Cycle de conférences organisé par Bernard Franco, CRLC/ Labex Obvil,
2017
La création littéraire est œuvre d’imagination, l’activité critique est un produit de la raison. C’est contre ce cliché que Friedrich Schlegel, affirmant l’unité des facultés de l’homme et, derrière celle-ci, de ses productions, a défini le Wilhelm Meister de Goethe, par le discours critique contenu dans le roman, comme « poésie de la poésie ». A la même époque, Blake voyait dans l’imagination le socle de toute critique, et créait une symétrie entre un « Grand Code de l’Art » et un « Grand Code de la Critique ». Après eux, en 1846, Baudelaire considérait que « la critique doit être partiale, passionnée », et que « le meilleur compte rendu d’un tableau pourra être un sonnet ou une élégie ». A la fin du siècle, décadents et symbolistes estimaient que, le discours critique prenant pour objet une œuvre, et non le monde, il s’engageait plus avant dans le processus de déréférentialisation qu’ils appelaient de leurs vœux. C’est dans cette perspective qu’Oscar Wilde, par exemple, considérait « le critique comme artiste ».

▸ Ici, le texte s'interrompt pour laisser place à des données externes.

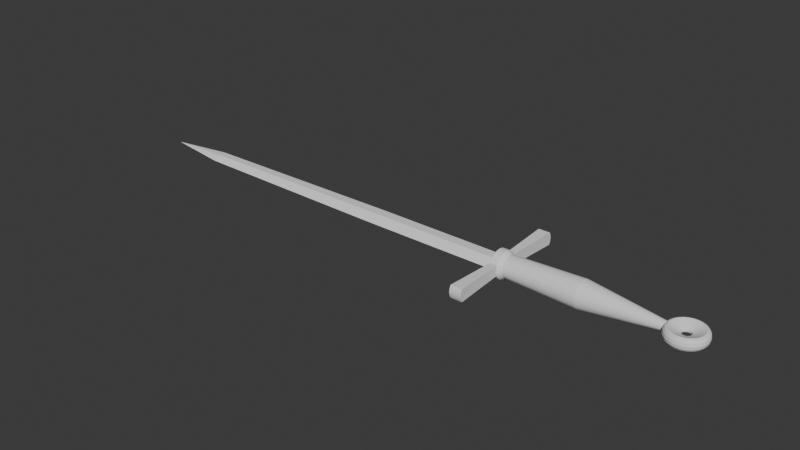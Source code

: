 # Source: stiletto.blend  (saved by Blender 4.1.24; exported with 4.5.12 LTS)
import bpy
from mathutils import Matrix  # noqa: F401  (used for matrix-valued properties, if any)

bpy.ops.wm.read_factory_settings(use_empty=True)
scene = bpy.context.scene
scene.name = 'Scene'

# ---- collections
col_collection = bpy.data.collections.new('Collection'); scene.collection.children.link(col_collection)

# ---- world
world_world = bpy.data.worlds.new('World'); scene.world = world_world
world_world.use_nodes = True; world_world.node_tree.nodes.clear()
_N = world_world.node_tree.nodes; _L = world_world.node_tree.links
n0 = _N.new('ShaderNodeOutputWorld'); n0.name = 'World Output'; n0.location = (300, 300)
n1 = _N.new('ShaderNodeBackground'); n1.name = 'Background'; n1.location = (10, 300)
n1.inputs[0].default_value = (0.05088, 0.05088, 0.05088, 1.0)
_L.new(n1.outputs[0], n0.inputs[0])
n0.is_active_output = True
world_world.color = (0.05088, 0.05088, 0.05088)
world_world.use_sun_shadow = False
world_world.sun_shadow_jitter_overblur = 0.0

# ---- meshes
me_torus = bpy.data.meshes.new('Torus')
me_torus.from_pydata([(0.8398, -5.716e-09, 1.285e-10), (0.8173, -5.716e-09, -0.04718), (0.7558, -5.716e-09, -0.08171), (0.6718, -5.716e-09, -0.09436), (0.5878, -5.716e-09, -0.08171), (0.2035, 1.358e-08, -0.01824), (0.1948, 1.358e-08, 4.968e-11), (0.2035, 1.358e-08, 0.01824), (0.5878, -5.716e-09, 0.08171), (0.6718, -5.716e-09, 0.09436), (0.7558, -5.716e-09, 0.08171), (0.8173, -5.716e-09, 0.04718), (0.8326, 0.1096, 1.285e-10), (0.8103, 0.1067, -0.04718), (0.7493, 0.09865, -0.08171), (0.6661, 0.08769, -0.09436), (0.5828, 0.07673, -0.08171), (0.2018, 0.02656, -0.01824), (0.1932, 0.02543, 4.968e-11), (0.2018, 0.02656, 0.01824), (0.5828, 0.07673, 0.08171), (0.6661, 0.08769, 0.09436), (0.7493, 0.09865, 0.08171), (0.8103, 0.1067, 0.04718), (0.8111, 0.2173, 1.285e-10), (0.7894, 0.2115, -0.04718), (0.73, 0.1956, -0.08171), (0.6489, 0.1739, -0.09436), (0.5678, 0.1521, -0.08171), (0.1966, 0.05267, -0.01824), (0.1882, 0.05042, 4.968e-11), (0.1966, 0.05267, 0.01824), (0.5678, 0.1521, 0.08171), (0.6489, 0.1739, 0.09436), (0.73, 0.1956, 0.08171), (0.7894, 0.2115, 0.04718), (0.7758, 0.3214, 1.285e-10), (0.755, 0.3127, -0.04718), (0.6983, 0.2892, -0.08171), (0.6207, 0.2571, -0.09436), (0.5431, 0.225, -0.08171), (0.188, 0.07788, -0.01824), (0.18, 0.07455, 4.968e-11), (0.188, 0.07788, 0.01824), (0.5431, 0.225, 0.08171), (0.6207, 0.2571, 0.09436), (0.6983, 0.2892, 0.08171), (0.755, 0.3127, 0.04718), (0.7273, 0.4199, 1.285e-10), (0.7078, 0.4086, -0.04718), (0.6545, 0.3779, -0.08171), (0.5818, 0.3359, -0.09436), (0.5091, 0.2939, -0.08171), (0.1763, 0.1018, -0.01824), (0.1687, 0.09741, 4.968e-11), (0.1763, 0.1018, 0.01824), (0.5091, 0.2939, 0.08171), (0.5818, 0.3359, 0.09436), (0.6545, 0.3779, 0.08171), (0.7078, 0.4086, 0.04718), (0.6662, 0.5112, 1.285e-10), (0.6484, 0.4975, -0.04718), (0.5996, 0.4601, -0.08171), (0.533, 0.409, -0.09436), (0.4664, 0.3578, -0.08171), (0.1615, 0.1239, -0.01824), (0.1546, 0.1186, 4.968e-11), (0.1615, 0.1239, 0.01824), (0.4664, 0.3578, 0.08171), (0.533, 0.409, 0.09436), (0.5996, 0.4601, 0.08171), (0.6484, 0.4975, 0.04718), (0.5938, 0.5938, 1.285e-10), (0.5779, 0.5779, -0.04718), (0.5344, 0.5344, -0.08171), (0.475, 0.475, -0.09436), (0.4157, 0.4157, -0.08171), (0.1439, 0.1439, -0.01824), (0.1378, 0.1378, 4.968e-11), (0.1439, 0.1439, 0.01824), (0.4157, 0.4157, 0.08171), (0.475, 0.475, 0.09436), (0.5344, 0.5344, 0.08171), (0.5779, 0.5779, 0.04718), (0.5112, 0.6662, 1.285e-10), (0.4975, 0.6484, -0.04718), (0.4601, 0.5996, -0.08171), (0.409, 0.533, -0.09436), (0.3578, 0.4664, -0.08171), (0.1239, 0.1615, -0.01824), (0.1186, 0.1546, 4.968e-11), (0.1239, 0.1615, 0.01824), (0.3578, 0.4664, 0.08171), (0.409, 0.533, 0.09436), (0.4601, 0.5996, 0.08171), (0.4975, 0.6484, 0.04718), (0.4199, 0.7273, 1.285e-10), (0.4086, 0.7078, -0.04718), (0.3779, 0.6545, -0.08171), (0.3359, 0.5818, -0.09436), (0.2939, 0.5091, -0.08171), (0.1018, 0.1763, -0.01824), (0.09741, 0.1687, 4.968e-11), (0.1018, 0.1763, 0.01824), (0.2939, 0.5091, 0.08171), (0.3359, 0.5818, 0.09436), (0.3779, 0.6545, 0.08171), (0.4086, 0.7078, 0.04718), (0.3214, 0.7758, 1.285e-10), (0.3128, 0.755, -0.04718), (0.2892, 0.6983, -0.08171), (0.2571, 0.6207, -0.09436), (0.225, 0.5431, -0.08171), (0.07788, 0.188, -0.01824), (0.07455, 0.18, 4.968e-11), (0.07788, 0.188, 0.01824), (0.225, 0.5431, 0.08171), (0.2571, 0.6207, 0.09436), (0.2892, 0.6983, 0.08171), (0.3128, 0.755, 0.04718), (0.2173, 0.8111, 1.285e-10), (0.2115, 0.7894, -0.04718), (0.1956, 0.73, -0.08171), (0.1739, 0.6489, -0.09436), (0.1521, 0.5678, -0.08171), (0.05267, 0.1966, -0.01824), (0.05042, 0.1882, 4.968e-11), (0.05267, 0.1966, 0.01824), (0.1521, 0.5678, 0.08171), (0.1739, 0.6489, 0.09436), (0.1956, 0.73, 0.08171), (0.2115, 0.7894, 0.04718), (0.1096, 0.8326, 1.285e-10), (0.1067, 0.8103, -0.04718), (0.09865, 0.7493, -0.08171), (0.08769, 0.6661, -0.09436), (0.07673, 0.5828, -0.08171), (0.02656, 0.2018, -0.01824), (0.02543, 0.1932, 4.968e-11), (0.02656, 0.2018, 0.01824), (0.07673, 0.5828, 0.08171), (0.08769, 0.6661, 0.09436), (0.09865, 0.7493, 0.08171), (0.1067, 0.8103, 0.04718), (4.181e-08, 0.8398, 1.285e-10), (4.011e-08, 0.8173, -0.04718), (3.547e-08, 0.7558, -0.08171), (2.913e-08, 0.6718, -0.09436), (2.279e-08, 0.5878, -0.08171), (-9.126e-09, 0.2035, -0.01824), (-9.783e-09, 0.1948, 4.968e-11), (-9.126e-09, 0.2035, 0.01824), (2.279e-08, 0.5878, 0.08171), (2.913e-08, 0.6718, 0.09436), (3.547e-08, 0.7558, 0.08171), (4.011e-08, 0.8173, 0.04718), (-0.1096, 0.8326, 1.285e-10), (-0.1067, 0.8103, -0.04718), (-0.09865, 0.7493, -0.08171), (-0.08769, 0.6661, -0.09436), (-0.07673, 0.5828, -0.08171), (-0.02656, 0.2018, -0.01824), (-0.02543, 0.1932, 4.968e-11), (-0.02656, 0.2018, 0.01824), (-0.07673, 0.5828, 0.08171), (-0.08769, 0.6661, 0.09436), (-0.09865, 0.7493, 0.08171), (-0.1067, 0.8103, 0.04718), (-0.2173, 0.8111, 1.285e-10), (-0.2115, 0.7894, -0.04718), (-0.1956, 0.73, -0.08171), (-0.1739, 0.6489, -0.09436), (-0.1521, 0.5678, -0.08171), (-0.05267, 0.1966, -0.01824), (-0.05042, 0.1882, 4.968e-11), (-0.05267, 0.1966, 0.01824), (-0.1521, 0.5678, 0.08171), (-0.1739, 0.6489, 0.09436), (-0.1956, 0.73, 0.08171), (-0.2115, 0.7894, 0.04718), (-0.3214, 0.7758, 1.285e-10), (-0.3128, 0.755, -0.04718), (-0.2892, 0.6983, -0.08171), (-0.2571, 0.6207, -0.09436), (-0.225, 0.5431, -0.08171), (-0.07788, 0.188, -0.01824), (-0.07455, 0.18, 4.968e-11), (-0.07788, 0.188, 0.01824), (-0.225, 0.5431, 0.08171), (-0.2571, 0.6207, 0.09436), (-0.2892, 0.6983, 0.08171), (-0.3128, 0.755, 0.04718), (-0.4199, 0.7273, 1.285e-10), (-0.4086, 0.7078, -0.04718), (-0.3779, 0.6545, -0.08171), (-0.3359, 0.5818, -0.09436), (-0.2939, 0.5091, -0.08171), (-0.1018, 0.1763, -0.01824), (-0.09741, 0.1687, 4.968e-11), (-0.1018, 0.1763, 0.01824), (-0.2939, 0.5091, 0.08171), (-0.3359, 0.5818, 0.09436), (-0.3779, 0.6545, 0.08171), (-0.4086, 0.7078, 0.04718), (-0.5112, 0.6662, 1.285e-10), (-0.4975, 0.6484, -0.04718), (-0.4601, 0.5996, -0.08171), (-0.409, 0.533, -0.09436), (-0.3578, 0.4664, -0.08171), (-0.1239, 0.1615, -0.01824), (-0.1186, 0.1546, 4.968e-11), (-0.1239, 0.1615, 0.01824), (-0.3578, 0.4664, 0.08171), (-0.409, 0.533, 0.09436), (-0.4601, 0.5996, 0.08171), (-0.4975, 0.6484, 0.04718), (-0.5938, 0.5938, 1.285e-10), (-0.5779, 0.5779, -0.04718), (-0.5344, 0.5344, -0.08171), (-0.475, 0.475, -0.09436), (-0.4157, 0.4157, -0.08171), (-0.1439, 0.1439, -0.01824), (-0.1378, 0.1378, 4.968e-11), (-0.1439, 0.1439, 0.01824), (-0.4157, 0.4157, 0.08171), (-0.475, 0.475, 0.09436), (-0.5344, 0.5344, 0.08171), (-0.5779, 0.5779, 0.04718), (-0.6662, 0.5112, 1.285e-10), (-0.6484, 0.4975, -0.04718), (-0.5996, 0.4601, -0.08171), (-0.533, 0.409, -0.09436), (-0.4664, 0.3578, -0.08171), (-0.1615, 0.1239, -0.01824), (-0.1546, 0.1186, 4.968e-11), (-0.1615, 0.1239, 0.01824), (-0.4664, 0.3578, 0.08171), (-0.533, 0.409, 0.09436), (-0.5996, 0.4601, 0.08171), (-0.6484, 0.4975, 0.04718), (-0.7273, 0.4199, 1.285e-10), (-0.7078, 0.4086, -0.04718), (-0.6545, 0.3779, -0.08171), (-0.5818, 0.3359, -0.09436), (-0.5091, 0.2939, -0.08171), (-0.1763, 0.1018, -0.01824), (-0.1687, 0.09741, 4.968e-11), (-0.1763, 0.1018, 0.01824), (-0.5091, 0.2939, 0.08171), (-0.5818, 0.3359, 0.09436), (-0.6545, 0.3779, 0.08171), (-0.7078, 0.4086, 0.04718), (-0.7758, 0.3214, 1.285e-10), (-0.755, 0.3127, -0.04718), (-0.6983, 0.2892, -0.08171), (-0.6207, 0.2571, -0.09436), (-0.5431, 0.225, -0.08171), (-0.188, 0.07788, -0.01824), (-0.18, 0.07455, 4.968e-11), (-0.188, 0.07788, 0.01824), (-0.5431, 0.225, 0.08171), (-0.6207, 0.2571, 0.09436), (-0.6983, 0.2892, 0.08171), (-0.755, 0.3127, 0.04718), (-0.8111, 0.2173, 1.285e-10), (-0.7894, 0.2115, -0.04718), (-0.73, 0.1956, -0.08171), (-0.6489, 0.1739, -0.09436), (-0.5678, 0.1521, -0.08171), (-0.1966, 0.05267, -0.01824), (-0.1882, 0.05042, 4.968e-11), (-0.1966, 0.05267, 0.01824), (-0.5678, 0.1521, 0.08171), (-0.6489, 0.1739, 0.09436), (-0.73, 0.1956, 0.08171), (-0.7894, 0.2115, 0.04718), (-0.8326, 0.1096, 1.285e-10), (-0.8103, 0.1067, -0.04718), (-0.7493, 0.09865, -0.08171), (-0.6661, 0.08769, -0.09436), (-0.5828, 0.07673, -0.08171), (-0.2018, 0.02656, -0.01824), (-0.1932, 0.02543, 4.968e-11), (-0.2018, 0.02656, 0.01824), (-0.5828, 0.07673, 0.08171), (-0.6661, 0.08769, 0.09436), (-0.7493, 0.09865, 0.08171), (-0.8103, 0.1067, 0.04718), (-0.8398, 6.77e-08, 1.285e-10), (-0.8173, 6.573e-08, -0.04718), (-0.7558, 6.036e-08, -0.08171), (-0.6718, 5.302e-08, -0.09436), (-0.5878, 4.567e-08, -0.08171), (-0.2035, 3.137e-08, -0.01824), (-0.1948, 3.061e-08, 4.968e-11), (-0.2035, 3.137e-08, 0.01824), (-0.5878, 4.567e-08, 0.08171), (-0.6718, 5.302e-08, 0.09436), (-0.7558, 6.036e-08, 0.08171), (-0.8173, 6.573e-08, 0.04718), (-0.8326, -0.1096, 1.285e-10), (-0.8103, -0.1067, -0.04718), (-0.7493, -0.09865, -0.08171), (-0.6661, -0.08769, -0.09436), (-0.5828, -0.07673, -0.08171), (-0.2018, -0.02656, -0.01824), (-0.1932, -0.02543, 4.968e-11), (-0.2018, -0.02656, 0.01824), (-0.5828, -0.07673, 0.08171), (-0.6661, -0.08769, 0.09436), (-0.7493, -0.09865, 0.08171), (-0.8103, -0.1067, 0.04718), (-0.8111, -0.2173, 1.285e-10), (-0.7894, -0.2115, -0.04718), (-0.73, -0.1956, -0.08171), (-0.6489, -0.1739, -0.09436), (-0.5678, -0.1521, -0.08171), (-0.1966, -0.05267, -0.01824), (-0.1882, -0.05042, 4.968e-11), (-0.1966, -0.05267, 0.01824), (-0.5678, -0.1521, 0.08171), (-0.6489, -0.1739, 0.09436), (-0.73, -0.1956, 0.08171), (-0.7894, -0.2115, 0.04718), (-0.7758, -0.3214, 1.285e-10), (-0.755, -0.3127, -0.04718), (-0.6983, -0.2892, -0.08171), (-0.6207, -0.2571, -0.09436), (-0.5431, -0.225, -0.08171), (-0.188, -0.07788, -0.01824), (-0.18, -0.07455, 4.968e-11), (-0.188, -0.07788, 0.01824), (-0.5431, -0.225, 0.08171), (-0.6207, -0.2571, 0.09436), (-0.6983, -0.2892, 0.08171), (-0.755, -0.3127, 0.04718), (-0.7273, -0.4199, 1.285e-10), (-0.7078, -0.4086, -0.04718), (-0.6545, -0.3779, -0.08171), (-0.5818, -0.3359, -0.09436), (-0.5091, -0.2939, -0.08171), (-0.1763, -0.1018, -0.01824), (-0.1687, -0.09741, 4.968e-11), (-0.1763, -0.1018, 0.01824), (-0.5091, -0.2939, 0.08171), (-0.5818, -0.3359, 0.09436), (-0.6545, -0.3779, 0.08171), (-0.7078, -0.4086, 0.04718), (-0.6662, -0.5112, 1.285e-10), (-0.6484, -0.4975, -0.04718), (-0.5996, -0.4601, -0.08171), (-0.533, -0.409, -0.09436), (-0.4664, -0.3578, -0.08171), (-0.1615, -0.1239, -0.01824), (-0.1546, -0.1186, 4.968e-11), (-0.1615, -0.1239, 0.01824), (-0.4664, -0.3578, 0.08171), (-0.533, -0.409, 0.09436), (-0.5996, -0.4601, 0.08171), (-0.6484, -0.4975, 0.04718), (-0.5938, -0.5938, 1.285e-10), (-0.5779, -0.5779, -0.04718), (-0.5344, -0.5344, -0.08171), (-0.475, -0.475, -0.09436), (-0.4157, -0.4157, -0.08171), (-0.1439, -0.1439, -0.01824), (-0.1378, -0.1378, 4.968e-11), (-0.1439, -0.1439, 0.01824), (-0.4157, -0.4157, 0.08171), (-0.475, -0.475, 0.09436), (-0.5344, -0.5344, 0.08171), (-0.5779, -0.5779, 0.04718), (-0.5112, -0.6662, 1.285e-10), (-0.4975, -0.6484, -0.04718), (-0.4601, -0.5996, -0.08171), (-0.409, -0.533, -0.09436), (-0.3578, -0.4664, -0.08171), (-0.1239, -0.1615, -0.01824), (-0.1186, -0.1546, 4.968e-11), (-0.1239, -0.1615, 0.01824), (-0.3578, -0.4664, 0.08171), (-0.409, -0.533, 0.09436), (-0.4601, -0.5996, 0.08171), (-0.4975, -0.6484, 0.04718), (-0.4199, -0.7273, 1.285e-10), (-0.4086, -0.7078, -0.04718), (-0.3779, -0.6545, -0.08171), (-0.3359, -0.5818, -0.09436), (-0.2939, -0.5091, -0.08171), (-0.1018, -0.1763, -0.01824), (-0.09741, -0.1687, 4.968e-11), (-0.1018, -0.1763, 0.01824), (-0.2939, -0.5091, 0.08171), (-0.3359, -0.5818, 0.09436), (-0.3779, -0.6545, 0.08171), (-0.4086, -0.7078, 0.04718), (-0.3214, -0.7758, 1.285e-10), (-0.3128, -0.755, -0.04718), (-0.2892, -0.6983, -0.08171), (-0.2571, -0.6207, -0.09436), (-0.225, -0.5431, -0.08171), (-0.07788, -0.188, -0.01824), (-0.07455, -0.18, 4.968e-11), (-0.07788, -0.188, 0.01824), (-0.225, -0.5431, 0.08171), (-0.2571, -0.6207, 0.09436), (-0.2892, -0.6983, 0.08171), (-0.3128, -0.755, 0.04718), (-0.2173, -0.8111, 1.285e-10), (-0.2115, -0.7894, -0.04718), (-0.1956, -0.73, -0.08171), (-0.1739, -0.6489, -0.09436), (-0.1521, -0.5678, -0.08171), (-0.05268, -0.1966, -0.01824), (-0.05042, -0.1882, 4.968e-11), (-0.05268, -0.1966, 0.01824), (-0.1521, -0.5678, 0.08171), (-0.1739, -0.6489, 0.09436), (-0.1956, -0.73, 0.08171), (-0.2115, -0.7894, 0.04718), (-0.1096, -0.8326, 1.285e-10), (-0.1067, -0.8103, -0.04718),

Il ne s’agit là que de quelques partis pris, illustrant un phénomène dont la littérature offre de multiples formes. Ainsi, de la Critique de l’Ecole des femmes à Six personnages en quête d’auteur en passant par Le Chat botté de Tieck, de Don Quichotte à Si par une nuit d’hiver un voyageur, en passant par Tristram Shandy ou Jacques le Fataliste, la création littéraire s’est réclamée de la critique. La remise en question de la frontière entre critique et création a pu concerner la définition même de genres littéraires : l’essai ne constitue-t-il pas une forme intermédiaire ? La traduction ne vise-t-elle pas à la fois à un commentaire et à une recréation de l’œuvre ?
L’analyse de la présence du discours critique dans la fiction soulève la question de la définition et des frontières de la littérature, mais aussi de la nature du discours critique. La littérature exprime-t-elle par là un besoin de réfléchir sur elle-même et sous une forme qui lui serait propre ? Pour quelle raison le discours critique se développe-t-il dans des œuvres de création ? Y a-t-il une part du sens qui ne trouverait à s’exprimer que dans la littérature, et qui échapperait au concept ?
C’est à ces questions, et à plusieurs autres, que répondront les travaux organisés au cours de ce cycle. Ils aborderont les littératures de différentes époques, de différents domaines et de différents genres, ainsi que les relations que la littérature entretient avec les arts. Ils prendront la forme de conférences d’une durée d’une heure environ, suivies d’une trentaine de minutes de questions. Les textes, d’environ 40.000 signes (notes et espaces comprises) seront rassemblés et publiés dans un numéro spécial de la Revue de Littérature Comparée, à paraître en 2018.